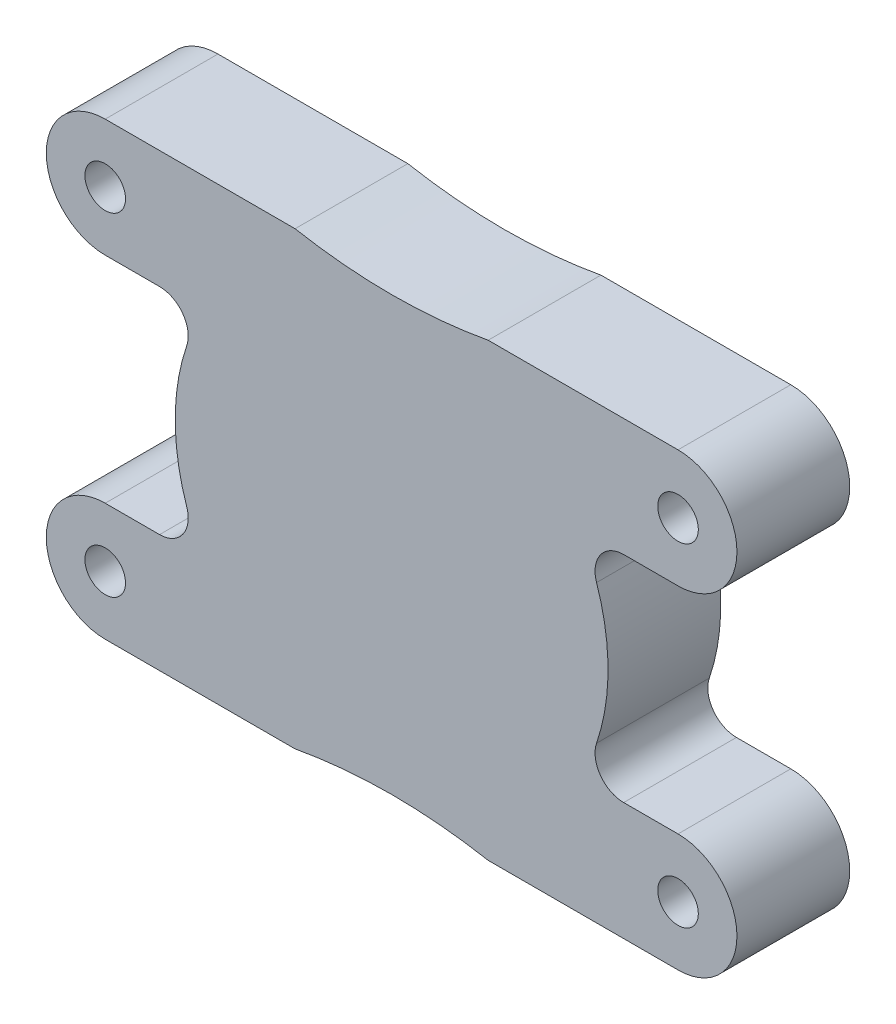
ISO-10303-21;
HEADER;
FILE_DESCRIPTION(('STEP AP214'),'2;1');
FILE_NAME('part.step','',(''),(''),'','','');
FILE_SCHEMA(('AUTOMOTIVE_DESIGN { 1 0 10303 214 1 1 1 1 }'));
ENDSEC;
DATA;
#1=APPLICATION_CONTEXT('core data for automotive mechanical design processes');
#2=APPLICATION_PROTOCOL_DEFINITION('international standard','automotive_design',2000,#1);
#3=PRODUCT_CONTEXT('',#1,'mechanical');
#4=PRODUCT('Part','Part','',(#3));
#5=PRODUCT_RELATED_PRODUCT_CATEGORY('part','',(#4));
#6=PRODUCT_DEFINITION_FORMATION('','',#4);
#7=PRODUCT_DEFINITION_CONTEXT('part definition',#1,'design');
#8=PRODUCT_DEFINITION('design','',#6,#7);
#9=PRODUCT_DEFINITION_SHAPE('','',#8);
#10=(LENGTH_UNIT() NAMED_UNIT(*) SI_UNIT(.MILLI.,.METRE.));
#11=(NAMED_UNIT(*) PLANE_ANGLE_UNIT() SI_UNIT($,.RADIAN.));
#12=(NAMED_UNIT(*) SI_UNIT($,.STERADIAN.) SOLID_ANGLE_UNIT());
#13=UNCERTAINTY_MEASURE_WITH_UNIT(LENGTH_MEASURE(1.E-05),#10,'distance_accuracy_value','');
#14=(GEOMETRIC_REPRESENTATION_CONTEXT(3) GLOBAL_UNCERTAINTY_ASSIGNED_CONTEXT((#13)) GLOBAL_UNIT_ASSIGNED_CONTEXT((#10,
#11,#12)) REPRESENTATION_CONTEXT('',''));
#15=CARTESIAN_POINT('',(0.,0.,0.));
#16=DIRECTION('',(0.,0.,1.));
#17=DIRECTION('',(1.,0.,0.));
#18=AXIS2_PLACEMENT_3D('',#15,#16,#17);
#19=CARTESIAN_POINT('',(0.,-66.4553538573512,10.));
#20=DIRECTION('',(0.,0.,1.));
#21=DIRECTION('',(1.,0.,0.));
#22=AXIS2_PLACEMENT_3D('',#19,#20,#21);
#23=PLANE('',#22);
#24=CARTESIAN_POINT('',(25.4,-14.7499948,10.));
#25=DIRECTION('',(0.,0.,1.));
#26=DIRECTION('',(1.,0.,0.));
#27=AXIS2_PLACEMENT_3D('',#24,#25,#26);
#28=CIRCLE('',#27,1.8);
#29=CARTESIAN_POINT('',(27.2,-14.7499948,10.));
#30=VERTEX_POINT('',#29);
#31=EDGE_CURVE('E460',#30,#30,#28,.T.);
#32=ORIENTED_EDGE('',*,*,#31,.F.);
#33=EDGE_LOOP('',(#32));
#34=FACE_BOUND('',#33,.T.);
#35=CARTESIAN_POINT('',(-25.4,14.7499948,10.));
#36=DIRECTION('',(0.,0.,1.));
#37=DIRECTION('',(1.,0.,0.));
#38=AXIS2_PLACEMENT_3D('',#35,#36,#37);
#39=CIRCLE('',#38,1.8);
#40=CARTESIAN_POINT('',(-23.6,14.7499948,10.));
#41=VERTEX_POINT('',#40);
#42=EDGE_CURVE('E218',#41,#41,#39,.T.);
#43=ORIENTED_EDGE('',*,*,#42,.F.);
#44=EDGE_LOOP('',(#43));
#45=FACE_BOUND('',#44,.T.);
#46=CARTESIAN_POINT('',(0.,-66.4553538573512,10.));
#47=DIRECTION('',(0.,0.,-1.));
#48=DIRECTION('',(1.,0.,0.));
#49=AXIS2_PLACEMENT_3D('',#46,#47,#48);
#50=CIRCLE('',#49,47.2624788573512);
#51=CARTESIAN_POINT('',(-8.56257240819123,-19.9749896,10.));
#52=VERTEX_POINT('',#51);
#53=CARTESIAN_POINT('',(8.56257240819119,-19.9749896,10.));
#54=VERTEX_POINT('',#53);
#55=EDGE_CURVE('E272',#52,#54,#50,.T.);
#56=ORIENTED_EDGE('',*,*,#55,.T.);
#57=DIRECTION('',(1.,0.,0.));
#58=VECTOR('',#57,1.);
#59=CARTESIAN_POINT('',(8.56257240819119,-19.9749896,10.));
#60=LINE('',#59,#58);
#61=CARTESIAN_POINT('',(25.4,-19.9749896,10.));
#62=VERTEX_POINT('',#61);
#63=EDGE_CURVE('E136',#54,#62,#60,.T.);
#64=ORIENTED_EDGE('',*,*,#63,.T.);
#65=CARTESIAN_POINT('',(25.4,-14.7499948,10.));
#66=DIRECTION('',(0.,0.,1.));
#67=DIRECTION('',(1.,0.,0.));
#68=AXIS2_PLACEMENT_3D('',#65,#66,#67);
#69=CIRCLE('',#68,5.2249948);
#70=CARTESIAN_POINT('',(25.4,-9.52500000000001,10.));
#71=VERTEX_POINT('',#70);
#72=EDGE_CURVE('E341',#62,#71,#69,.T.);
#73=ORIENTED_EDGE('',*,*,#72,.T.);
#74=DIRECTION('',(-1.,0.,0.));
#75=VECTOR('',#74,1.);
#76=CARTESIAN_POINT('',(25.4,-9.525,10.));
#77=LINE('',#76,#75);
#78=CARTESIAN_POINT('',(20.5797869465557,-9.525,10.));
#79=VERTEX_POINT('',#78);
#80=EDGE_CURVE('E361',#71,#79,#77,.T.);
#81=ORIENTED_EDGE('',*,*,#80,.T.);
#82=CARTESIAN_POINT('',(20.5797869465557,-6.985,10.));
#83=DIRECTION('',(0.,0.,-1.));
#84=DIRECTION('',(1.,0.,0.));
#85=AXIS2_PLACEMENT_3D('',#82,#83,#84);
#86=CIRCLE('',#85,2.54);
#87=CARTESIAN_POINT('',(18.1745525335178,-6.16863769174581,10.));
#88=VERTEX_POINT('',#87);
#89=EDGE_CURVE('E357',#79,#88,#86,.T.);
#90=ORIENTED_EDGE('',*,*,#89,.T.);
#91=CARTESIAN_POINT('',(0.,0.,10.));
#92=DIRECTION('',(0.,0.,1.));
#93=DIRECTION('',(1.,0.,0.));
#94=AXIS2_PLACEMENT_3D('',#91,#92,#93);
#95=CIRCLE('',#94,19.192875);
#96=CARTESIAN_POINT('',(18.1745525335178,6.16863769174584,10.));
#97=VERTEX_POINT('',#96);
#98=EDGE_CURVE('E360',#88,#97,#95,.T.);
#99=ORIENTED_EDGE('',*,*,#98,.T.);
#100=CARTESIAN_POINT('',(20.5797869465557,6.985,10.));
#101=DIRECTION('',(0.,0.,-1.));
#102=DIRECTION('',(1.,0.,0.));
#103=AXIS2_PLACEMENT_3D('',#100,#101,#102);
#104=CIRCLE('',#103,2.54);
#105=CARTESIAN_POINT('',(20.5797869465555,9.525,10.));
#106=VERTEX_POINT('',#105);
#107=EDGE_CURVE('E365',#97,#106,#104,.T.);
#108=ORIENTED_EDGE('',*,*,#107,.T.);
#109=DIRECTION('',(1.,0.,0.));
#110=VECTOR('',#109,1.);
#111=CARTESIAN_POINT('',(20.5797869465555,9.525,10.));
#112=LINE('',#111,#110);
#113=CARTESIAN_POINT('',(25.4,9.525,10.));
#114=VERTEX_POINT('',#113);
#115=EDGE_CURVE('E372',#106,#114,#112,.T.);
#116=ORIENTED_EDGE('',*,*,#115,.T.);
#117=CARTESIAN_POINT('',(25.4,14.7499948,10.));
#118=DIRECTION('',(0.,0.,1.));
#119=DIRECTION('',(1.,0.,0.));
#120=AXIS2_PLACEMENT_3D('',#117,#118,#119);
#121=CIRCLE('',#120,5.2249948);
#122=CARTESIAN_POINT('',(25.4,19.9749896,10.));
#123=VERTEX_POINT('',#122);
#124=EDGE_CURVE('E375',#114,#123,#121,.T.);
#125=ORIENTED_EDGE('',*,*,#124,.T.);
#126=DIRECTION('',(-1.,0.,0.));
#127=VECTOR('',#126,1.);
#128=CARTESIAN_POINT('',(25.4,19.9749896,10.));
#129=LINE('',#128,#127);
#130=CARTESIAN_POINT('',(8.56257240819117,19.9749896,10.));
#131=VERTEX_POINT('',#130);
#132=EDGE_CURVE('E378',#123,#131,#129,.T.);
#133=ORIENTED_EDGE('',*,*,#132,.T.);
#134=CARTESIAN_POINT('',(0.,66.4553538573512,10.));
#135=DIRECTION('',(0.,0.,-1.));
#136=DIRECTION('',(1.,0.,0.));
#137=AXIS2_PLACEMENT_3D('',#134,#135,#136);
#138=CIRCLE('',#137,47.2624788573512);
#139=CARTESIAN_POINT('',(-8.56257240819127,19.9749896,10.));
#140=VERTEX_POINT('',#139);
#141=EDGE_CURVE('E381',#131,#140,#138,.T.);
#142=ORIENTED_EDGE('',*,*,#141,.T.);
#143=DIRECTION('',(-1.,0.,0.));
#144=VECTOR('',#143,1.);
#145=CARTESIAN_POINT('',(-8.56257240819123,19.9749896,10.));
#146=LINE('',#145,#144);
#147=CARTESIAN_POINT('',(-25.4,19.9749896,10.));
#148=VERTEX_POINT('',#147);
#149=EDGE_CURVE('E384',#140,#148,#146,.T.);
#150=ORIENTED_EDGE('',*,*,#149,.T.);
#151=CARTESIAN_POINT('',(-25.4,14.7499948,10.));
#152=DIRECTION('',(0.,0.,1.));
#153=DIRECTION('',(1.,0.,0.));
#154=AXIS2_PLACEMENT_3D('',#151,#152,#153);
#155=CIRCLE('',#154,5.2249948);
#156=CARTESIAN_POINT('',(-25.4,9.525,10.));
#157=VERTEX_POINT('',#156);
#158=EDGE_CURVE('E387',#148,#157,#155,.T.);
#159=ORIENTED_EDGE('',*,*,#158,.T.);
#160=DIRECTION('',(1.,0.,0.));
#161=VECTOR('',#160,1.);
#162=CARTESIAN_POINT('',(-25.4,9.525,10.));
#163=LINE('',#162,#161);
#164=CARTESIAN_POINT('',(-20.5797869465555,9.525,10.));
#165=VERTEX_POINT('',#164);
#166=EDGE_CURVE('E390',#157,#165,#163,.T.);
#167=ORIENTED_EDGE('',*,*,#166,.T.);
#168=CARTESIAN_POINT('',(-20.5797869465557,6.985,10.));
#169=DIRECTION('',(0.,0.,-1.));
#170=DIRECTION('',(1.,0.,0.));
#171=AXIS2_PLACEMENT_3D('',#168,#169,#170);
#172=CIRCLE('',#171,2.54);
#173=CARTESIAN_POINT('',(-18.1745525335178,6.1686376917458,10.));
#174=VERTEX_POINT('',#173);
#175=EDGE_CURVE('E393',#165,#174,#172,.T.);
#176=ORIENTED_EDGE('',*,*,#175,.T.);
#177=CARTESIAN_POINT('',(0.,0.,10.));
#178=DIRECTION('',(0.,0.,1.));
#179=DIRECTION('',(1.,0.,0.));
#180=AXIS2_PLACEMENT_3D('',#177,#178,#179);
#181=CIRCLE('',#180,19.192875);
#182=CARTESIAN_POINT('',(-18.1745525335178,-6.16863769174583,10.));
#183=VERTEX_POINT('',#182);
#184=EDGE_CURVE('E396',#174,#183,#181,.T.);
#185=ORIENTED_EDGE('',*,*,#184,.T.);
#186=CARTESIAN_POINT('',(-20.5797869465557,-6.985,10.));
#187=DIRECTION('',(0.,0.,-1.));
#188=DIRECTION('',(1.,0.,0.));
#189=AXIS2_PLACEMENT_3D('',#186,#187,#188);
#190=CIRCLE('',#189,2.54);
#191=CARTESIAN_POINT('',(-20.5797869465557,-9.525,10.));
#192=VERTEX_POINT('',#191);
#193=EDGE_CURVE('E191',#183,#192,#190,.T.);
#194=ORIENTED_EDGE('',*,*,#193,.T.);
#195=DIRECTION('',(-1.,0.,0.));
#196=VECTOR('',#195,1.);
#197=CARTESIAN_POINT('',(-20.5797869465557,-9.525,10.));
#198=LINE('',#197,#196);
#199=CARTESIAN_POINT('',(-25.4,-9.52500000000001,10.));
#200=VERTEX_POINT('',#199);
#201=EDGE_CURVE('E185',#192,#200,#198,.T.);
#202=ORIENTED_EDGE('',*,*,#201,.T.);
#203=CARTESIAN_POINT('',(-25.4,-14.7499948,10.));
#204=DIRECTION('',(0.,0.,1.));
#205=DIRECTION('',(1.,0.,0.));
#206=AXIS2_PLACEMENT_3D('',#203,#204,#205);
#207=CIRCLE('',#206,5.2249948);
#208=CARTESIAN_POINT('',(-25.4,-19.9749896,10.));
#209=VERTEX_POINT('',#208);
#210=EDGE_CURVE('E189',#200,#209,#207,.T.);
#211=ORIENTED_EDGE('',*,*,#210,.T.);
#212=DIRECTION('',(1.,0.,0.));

━━━━━━━━━━━━━━━━━━━━

In the listing above, find the line with "#7=PRODUCT_DEFINITION_CONTEXT('part definition',#1,'design');" and the line with "#16=DIRECTION('',(0.,0.,1.));", then reproduce both and every line between them exactly.

#7=PRODUCT_DEFINITION_CONTEXT('part definition',#1,'design');
#8=PRODUCT_DEFINITION('design','',#6,#7);
#9=PRODUCT_DEFINITION_SHAPE('','',#8);
#10=(LENGTH_UNIT() NAMED_UNIT(*) SI_UNIT(.MILLI.,.METRE.));
#11=(NAMED_UNIT(*) PLANE_ANGLE_UNIT() SI_UNIT($,.RADIAN.));
#12=(NAMED_UNIT(*) SI_UNIT($,.STERADIAN.) SOLID_ANGLE_UNIT());
#13=UNCERTAINTY_MEASURE_WITH_UNIT(LENGTH_MEASURE(1.E-05),#10,'distance_accuracy_value','');
#14=(GEOMETRIC_REPRESENTATION_CONTEXT(3) GLOBAL_UNCERTAINTY_ASSIGNED_CONTEXT((#13)) GLOBAL_UNIT_ASSIGNED_CONTEXT((#10,
#11,#12)) REPRESENTATION_CONTEXT('',''));
#15=CARTESIAN_POINT('',(0.,0.,0.));
#16=DIRECTION('',(0.,0.,1.));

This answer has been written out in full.